Porter continued to explain this difference in more detail.

“The contrasts must have been deliberate and clearly understood,” she said. “External versus internal. Free and open versus controlled. Family versus individual. Those differences give tension if not outright competition between different sectors, different visions, of society.”

In an interview with The News-Letter, Laurel Poolman, a PhD student in the Near Eastern Studies Department, cited her own personal relationship with the material Porter presented. She spoke to Porter’s ability to place specific details about the sites into a larger theoretical framework of what life was actually like. 

“I’ve read a lot of Anne Porter’s work. She is truly prolific in terms of her theoretical contributions to the field. I don’t think there are many archaeologists who are as proficient at the details of excavation,” she said. “But then to put that in a comprehensive framework of ideas and truly what was a narrative of the world that these different sites played next to each other in dialogue with each other, it’s special.”

Porter said that her research into death came up by way of necessity. Due to the nature of the sites she was digging at, she consistently unearthed the remains of the deceased and through proximity, she learned more about the subject. 

Porter echoed Poolman’s comments about larger conceptual frameworks in an interview with The News-Letter, commenting on how they apply to the field of archaeology as well as touching on what she hoped attendees got out of the event. 

“Archaeologists can easily lose sight of the mind and the conceptual world that they live in and what they’re thinking about what they’re doing,” she said. “If people understand that there’s some pretty complex thought processes going on here, in the way these people understood their world and their place in it, then I will be very happy.”

She then explained the relationship between her work and present events. Because of the war in Syria, all the material she had unearthed is sitting in a storage unit somewhere inaccessible. 

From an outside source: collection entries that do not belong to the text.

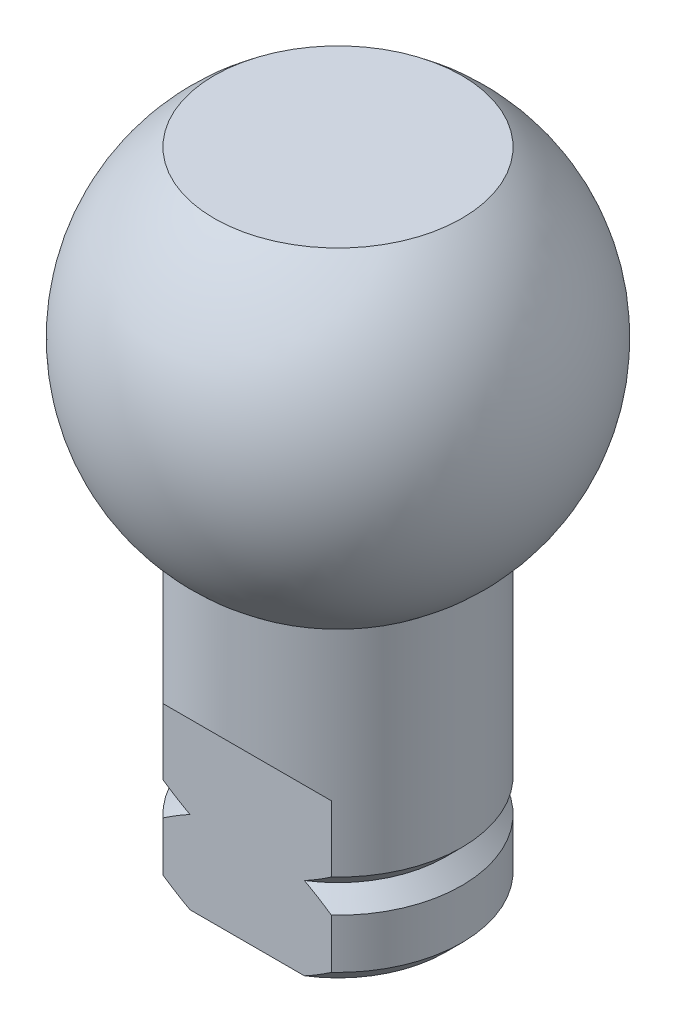
SolidWorks part; units mm, degrees
ref_plane "Front Plane" through (0, 0, 0) normal (0, 0, 1) x (1, 0, 0)
ref_plane "Top Plane" through (0, 0, 0) normal (0, 1, 0) x (1, 0, 0)
ref_plane "Right Plane" through (0, 0, 0) normal (1, 0, 0) x (0, 0, -1)
sketch "Sketch1" plane through (0, 0, 0) normal (0, 1, 0) x (1, 0, 0)
  circle A0 centre (0, 0) radius 7.5
extrude "Boss-Extrude1" add sketch "Sketch1" along normal blind 20
sketch "Sketch2" plane through (0, 0, 0) normal (0, 0, 1) x (1, 0, 0)
  line L0 (7.5, 19) -> (7.5, 20)
  line L1 (7.5, 20) -> (-7.5, 20) construction
  line L2 (7.5, 20) -> (0, 20)
  line L3 (0, 41.5) -> (0, 39) construction
  line L4 (0, 39) -> (7.5, 39)
  line L6 (0, 29) -> (0, 20) construction
  line L7 (0, 20) -> (0, 39)
  line L8 (0, 29) -> (12.5, 29) construction
  arc A2 (7.5, 39) -> (7.5, 19) centre (0, 29) cw
revolve "Revolve1" add sketch "Sketch2" angle 360 about L7
sketch "Sketch3" plane through (0, 0, 0) normal (0, -1, 0) x (-1, 0, 0)
  line L0 (0, -7.5) -> (0, -5.5) construction
  line L2 (-5.099, -5.5) -> (0, -5.5)
  line L3 (0, -5.5) -> (5.099, -5.5)
  circle A1 centre (0, 0) radius 7.5 construction
  circle A2 centre (0, 0) radius 7.5 construction
  arc A4 (-5.099, -5.5) -> (5.099, -5.5) centre (0, 0) ccw
extrude "Cut-Extrude2" cut sketch "Sketch3" against normal blind 12 contours A4 L3 L2
ref_plane "SnapFeaturePlane" through (0, 5, 0) normal (0, 1, 0) x (1, 0, 0)
sketch "Sketch4" plane through (0, 5, 0) normal (0, 1, 0) x (1, 0, 0)
  line L0 (0, -5.5) -> (0, -4.4476) construction
  line L1 (5.099, -5.5) -> (-5.099, -5.5) construction
  line L8 (0, 7.5) -> (0, 6.5) construction
  line L9 (0, 7.5) -> (0, 8.5) construction
  line L10 (-1.381, -6.3516) -> (-1.8059, -8.3059)
  line L12 (1.8059, -8.3059) -> (1.381, -6.3516)
  arc A6 (5.099, -5.5) -> (-5.099, -5.5) centre (0, 0) ccw construction
  arc A9 (0, 6.5) -> (-1.381, -6.3516) centre (0, 0) ccw
  arc A10 (0, 6.5) -> (1.381, -6.3516) centre (0, 0) cw
  arc A11 (0, 8.5) -> (-1.8059, -8.3059) centre (0, 0) ccw
  arc A12 (0, 8.5) -> (1.8059, -8.3059) centre (0, 0) cw
extrude "Cut-Extrude4" cut sketch "Sketch4" against normal mid plane 2 contours A12 L12 A10 A9 L10 A11
chamfer "Chamfer1" distance 1 angle 45 2 edges at (0, 6, -6.5) (0, 4, -6.5)
chamfer "Chamfer3" distance 2 angle 45 1 edges at (0, 12, 5.5)
chamfer "Chamfer4" distance 1 angle 45 1 edges at (0, 0, -7.5)

Poolman expressed her own concerns regarding her access to the region. She explained that the construction of the Tishrin Dam Reservoir effectively washed away everything that was at Porter’s site, including the White Monument and Mortuary Mound II. However, she also mentioned the destruction and looting of archaeological sites at the hands of terrorists groups like the Islamic State in Iraq and Syria (ISIS).

“Dr. Porter’s site, everything we saw up there, is gone. It’s been washed away by the Tishrin Dam, and that was before terrorist activity, all of the artifacts that weren’t sent to the museum were trashed by ISIS,” she said. “I think it teaches us to appreciate what we have in terms of material record and probably put more work into doing those secondary analyses. So much of it has been lost on a scale that’s unimaginable, truly.” 

Porter expressed her own frustration at the situation in Syria but expressed sympathy for those affected by the war and what they have been forced to do. 

“Far more of a problem is that the destruction of sites due to the war is pretty immense. That means when people go back, there will be a lot lost to them, just gone forever,” she said. “For various reasons, for families to just stay alive who have nothing and if they sell a couple of pots they can get money to eat, which I have every sympathy for, and the various armies using antiquities to fund their purchase of weapons, it’s devastating.” 

Poolman, however, pointed to the importance of the fields of archaeology and anthropology continuing despite the destabilization in the Middle East.

“Fundamentally what they are is that they are studies of how humans existed in the past,” she said. “Any expansion of that is huge to our understanding of ourselves as a species and understanding how we got to where we are today and having a broader perspective of the different ways that people can live, interact with and envision their own world.” 

Porter hopes that in the meantime, people — including newer academics — will not lose sight of the immense riches of Syria’s archaeological sites while the region tries to stabilize itself. 

“I hope... that graduate students in particular want to work on this material and keep it alive until things settle down and people can go back and dig,” she said.